= DOT pictograms =

Set of symbols

DOT pictograms representing, from left, "Escalator (up)", "Nursery" and "Ground transportation"

The DOT pictograms are a set of fifty pictograms used to convey information useful to travelers without using words. Such images are often used in airports, train stations, hotels, and other public places for foreign tourists, as well as being easier to identify than strings of text. Among these pictograms are graphics representing toilets and telephones.
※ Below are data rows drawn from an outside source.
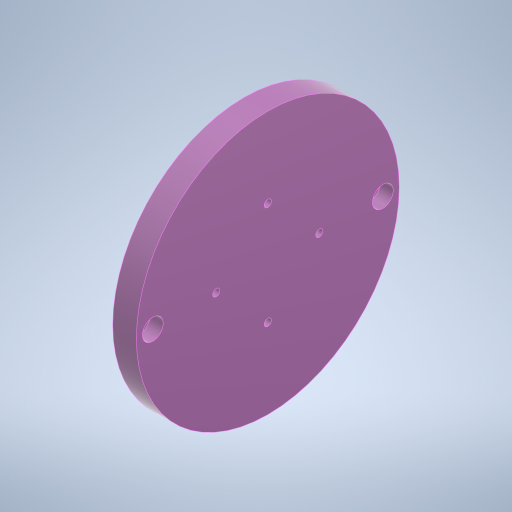
# Autodesk Inventor part: laboratory_equipment-GIM3505-8
Saved by Autodesk Inventor 2024 (Build 280153000, 153)
## iProperties
Created: 2025-04-23
Part Number: laboratory_equipment-GIM3505-8
Material: ABS プラスチック
Document SubType Name: Modeling
Designer: 1412z
Density: 1.06 g/cm^3
Appearance: 滑らか - 紫
Author: 1412z
Autodesk Inventor part; units mm, degrees
ref_plane "YZ Plane" through (0, 0, 0) normal (1, 0, 0) x (0, 1, 0)
ref_plane "XZ Plane" through (0, 0, 0) normal (0, 1, 0) x (-1, 0, 0)
ref_plane "XY Plane" through (0, 0, 0) normal (0, 0, 1) x (1, 0, 0)
sketch "スケッチ1" plane through (0, 0, 0) normal (1, 0, 0) x (0, 1, 0)
  circle A0 centre (0, 0) radius 19.6
  circle A1 centre (0, 19.6) radius 1.4
  circle A2 centre (-19.6, 0) radius 1.4
  circle A3 centre (0, -19.6) radius 1.4
  circle A4 centre (19.6, 0) radius 1.4
  circle A5 centre (0, 0) radius 50
  dimension "d0" = 39.2
  dimension "d1" = 2.8
  dimension "d4" = 360
  dimension "d6" = 100
  constraints: 5 centre point, 2 coincident, 1 vertical alignment, 11 other
  measures "d1" diameter of A1
  measures "d6" diameter of A5
extrude "押し出し1" add sketch "スケッチ1" along normal blind 2 contours A4 A0 A3 A2 A1 | A5
sketch "スケッチ2" plane through (0, 0, 0) normal (-1, 0, 0) x (0, 0, 1)
  circle A0 centre (0, 0) radius 50
  circle A1 centre (0, 0) radius 37.5
  dimension "d9" = 75
  constraints: 2 centre point, 2 coincident
  measures "d9" diameter of A1
extrude "押し出し2" add sketch "スケッチ2" along normal blind 7
sketch "スケッチ3" plane through (2, 0, 0) normal (1, 0, 0) x (0, 0, -1)
  circle A0 centre (0, 0) radius 43.75
  circle A1 centre (-43.75, 0) radius 2.25
  circle A2 centre (43.75, 0) radius 2.25
  dimension "d12" = 87.5
  dimension "d13" = 4.5
  dimension "d14" = 4.5
  constraints: 3 centre point, 2 point on circle, 1 coincident
  measures "d12" diameter of A0
  measures "d13" diameter of A1
  measures "d14" diameter of A2
extrude "押し出し3" cut sketch "スケッチ3" against normal blind 10 contours A0 A2 | A0 A2 | A1 A0 | A0 A1
sketch "スケッチ4" plane through (2, 0, 0) normal (1, 0, 0) x (0, 0, -1)
  circle A0 centre (-43.75, 0) radius 2.25 projected
  circle A1 centre (-43.75, 0) radius 4
  circle A2 centre (43.75, 0) radius 2.25 projected
  circle A3 centre (43.75, 0) radius 4
  point P0 (0, 0)
  dimension "d17" = 8
  dimension "d18" = 8
  constraints: 2 centre point, 2 coincident
  measures "d17" diameter of A1
  measures "d18" diameter of A3
extrude "押し出し4" cut sketch "スケッチ4" against normal blind 5
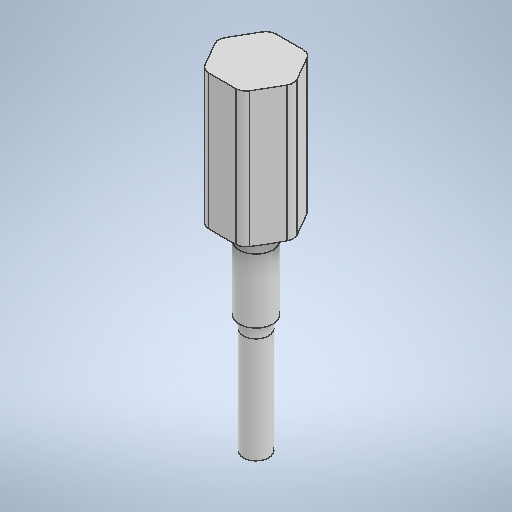
# Autodesk Inventor part: jig
Saved by Autodesk Inventor 2025 (Build 290162000, 162)
## iProperties
Created: 2026-02-28
Part Number: jig
Material: 一般
Document SubType Name: Modeling
Designer: sooo1
Density: 1 g/cm^3
Appearance: 既定
Author: sooo1
Autodesk Inventor part; units mm, degrees
ref_plane "YZ Plane" through (0, 0, 0) normal (1, 0, 0) x (0, 1, 0)
ref_plane "XZ Plane" through (0, 0, 0) normal (0, 1, 0) x (-1, 0, 0)
sketch "スケッチ1" plane through (0, 0, 0) normal (0, 1, 0) x (-1, 0, 0)
  circle A0 centre (0, 0) radius 3.75
  line L0 (-2.8868, 0) -> (-1.4434, 2.5) construction
  line L1 (-1.4434, 2.5) -> (1.4434, 2.5) construction
  line L2 (1.4434, 2.5) -> (2.8868, 0) construction
  line L3 (2.8868, 0) -> (1.4434, -2.5) construction
  line L4 (1.4434, -2.5) -> (-1.4434, -2.5) construction
  line L5 (-1.4434, -2.5) -> (-2.8868, 0) construction
  line L6 (16.1658, 0) -> (-16.1658, 0) construction
  line L7 (3.0022, 0) -> (1.5011, 2.6)
  line L8 (1.5011, 2.6) -> (-1.5011, 2.6)
  line L9 (-1.5011, 2.6) -> (-3.0022, 0)
  line L10 (-3.0022, 0) -> (-1.5011, -2.6)
  line L11 (-1.5011, -2.6) -> (1.5011, -2.6)
  line L12 (1.5011, -2.6) -> (3.0022, 0)
  circle A1 centre (0, 0) radius 1.5
  circle A2 centre (0, 0) radius 5
  line L13 (-1.1, 1.6) -> (1.1, 1.6)
  line L14 (1.1, 1.6) -> (1.1, -1.6)
  line L15 (1.1, -1.6) -> (-1.1, -1.6)
  line L16 (-1.1, -1.6) -> (-1.1, 1.6)
  line L17 (-1.1, 1.6) -> (1.1, -1.6) construction
  line L18 (1.1, 1.6) -> (-1.1, -1.6) construction
  line L19 (11.547, 0) -> (5.7735, -10)
  line L20 (5.7735, -10) -> (-5.7735, -10)
  line L21 (-5.7735, -10) -> (-11.547, 0)
  line L22 (-11.547, 0) -> (-5.7735, 10)
  line L23 (-5.7735, 10) -> (5.7735, 10)
  line L24 (5.7735, 10) -> (11.547, 0)
  line L25 (1.5011, 2.6) -> (4.2708, 2.6)
  line L26 (1.5011, -2.6) -> (4.2708, -2.6)
  point P0 (0, 0)
  dimension "d0" = 5
  dimension "d1" = 0.1
  dimension "d2" = 7.5
  dimension "d7" = 3
  dimension "d10" = 10
  dimension "d16" = 2.2
  dimension "d17" = 3.2
  dimension "d25" = 20
  constraints: 52 end point, 4 coincident, 3 centre point, 3 parallel, 2 horizontal, 2 midpoint, 2 point on circle, 2 point on line, 1 perpendicular, 31 other
  measures "d0" distance between parallel lines of L0 L3
  measures "d1" distance between parallel lines of L3 L12
  measures "d2" diameter of A0
  measures "d7" diameter of A1
  measures "d10" diameter of A2
  measures "d16" distance of L13.start L13.end
  measures "d17" distance of L15.end L13.start
  measures "d25" distance between parallel lines of L23 L20
extrude "押し出し1" add sketch "スケッチ1" along normal blind 7.5 contours A0 L26 L12 L7 L25 | L25 L8 L9 L10 L11 L26 A0 | L7 L12 L11 L10 L9 L8 | A1 L14 | L14 A1 L16 | A1 L16 L13 L14 | L14 L15 L16 A1 | L16 A1
extrude "押し出し2" cut sketch "スケッチ1" along normal blind 2 contours L7 L12 L11 L10 L9 L8 | A1 L14 | L14 A1 L16 | A1 L16 L13 L14 | L14 L15 L16 A1 | L16 A1
ref_plane "作業平面1" through (0, 3, 0) normal (0, -1, 0) x (1, 0, 0)
extrude "押し出し3" cut sketch "スケッチ1" along normal through all contours A1 L14 | L14 A1 L16 | L16 A1
extrude "押し出し6" cut sketch "スケッチ1" along normal blind 3.5 from surface at 3 contours L14 A1 L16 | A1 L16 L13 L14 | L14 L15 L16 A1
extrude "押し出し7" add sketch "スケッチ1" along normal blind 27.5 from surface at 7.5 contours A0 L26 L12 L7 L25 | L25 L8 L9 L10 L11 L26 A0 | L7 L12 L11 L10 L9 L8 | A1 L14 | L14 A1 L16 | A1 L16 L13 L14 | L14 L15 L16 A1 | L16 A1
extrude "押し出し8" add sketch "スケッチ1" along normal blind 25 from surface at 35 contours A0 L26 L12 L7 L25 | A0 L25 A2 L26 | L25 L8 L9 L10 L11 L26 A0 | A0 L26 A2 L25 | L7 L12 L11 L10 L9 L8 | A1 L14 | L14 A1 L16 | A1 L16 L13 L14 | L14 L15 L16 A1 | L16 A1
extrude "押し出し9" add sketch "スケッチ1" along normal blind 40 from surface at 60 contours A0 L26 L12 L7 L25 | A0 L25 A2 L26 | L25 L8 L9 L10 L11 L26 A0 | A0 L26 A2 L25 | L7 L12 L11 L10 L9 L8 | A1 L14 | L14 A1 L16 | A1 L16 L13 L14 | L14 L15 L16 A1 | L16 A1 | L19 L20 L21 L22 L23 L24
fillet "フィレット1" radius 6 1 edges at (5, 60, 0)
fillet "フィレット2" radius 6 1 edges at (3.75, 35, 0)
fillet "フィレット3" radius 3 6 edges at (-5.7735, 80, -10) (5.7735, 80, -10) (11.547, 80, 0) (5.7735, 80, 10) (-5.7735, 80, 10) (-11.547, 80, 0)
chamfer "面取り1" distance 0.2 angle 45 6 edges at (-2.2517, 0, 1.3) (0, 0, 2.6) (-2.2517, 0, -1.3) (0, 0, -2.6) (2.2517, 0, -1.3) (2.2517, 0, 1.3)

As a result of their near-universal acceptance, some describe them as the "Helvetica" of pictograms, and the character portrayed within them as “Helvetica Man.”

As works of the United States government, the images are in the public domain and thus can be used by anyone for any purpose, without licensing issues.

==History==

In the 1970s, the United States Department of Transportation recognized the shortcomings of pictograms drawn on an ad hoc basis at transportation-related facilities across the United States and commissioned the American Institute of Graphic Arts to produce a comprehensive set of pictograms. In collaboration with Roger Cook and Don Shanosky of Cook and Shanosky Associates, the designers conducted an exhaustive survey of pictograms already in use around the world, which drew from sources as diverse as Tokyo International Airport and the 1972 Olympic Games in Munich. The designers rated these pictograms based on criteria such as their legibility, their international recognizability and their resistance to vandalism. After determining which features were the most successful and appropriate, the designers drew a set of pictograms to represent 34 meanings requested by the DOT. The results of this research, as well as guidelines on how to best implement the symbols was presented in a report titled Symbol Signs – The development of Passenger/Pedestrian Oriented Symbols for Use in Transportation-Related Facilities in November 1974.

In 1979, 16 symbols were added, bringing the total count to 50.

==Development of symbols==
===Initial groundwork===
Symbols were collected from a variety of sources, including railways, Olympic events, airports and government agencies to form a catalog of each type of symbol to be created for close examination. A key goal was to avoid starting from scratch when possible, and instead build off previous development of robust symbol designs in existing systems.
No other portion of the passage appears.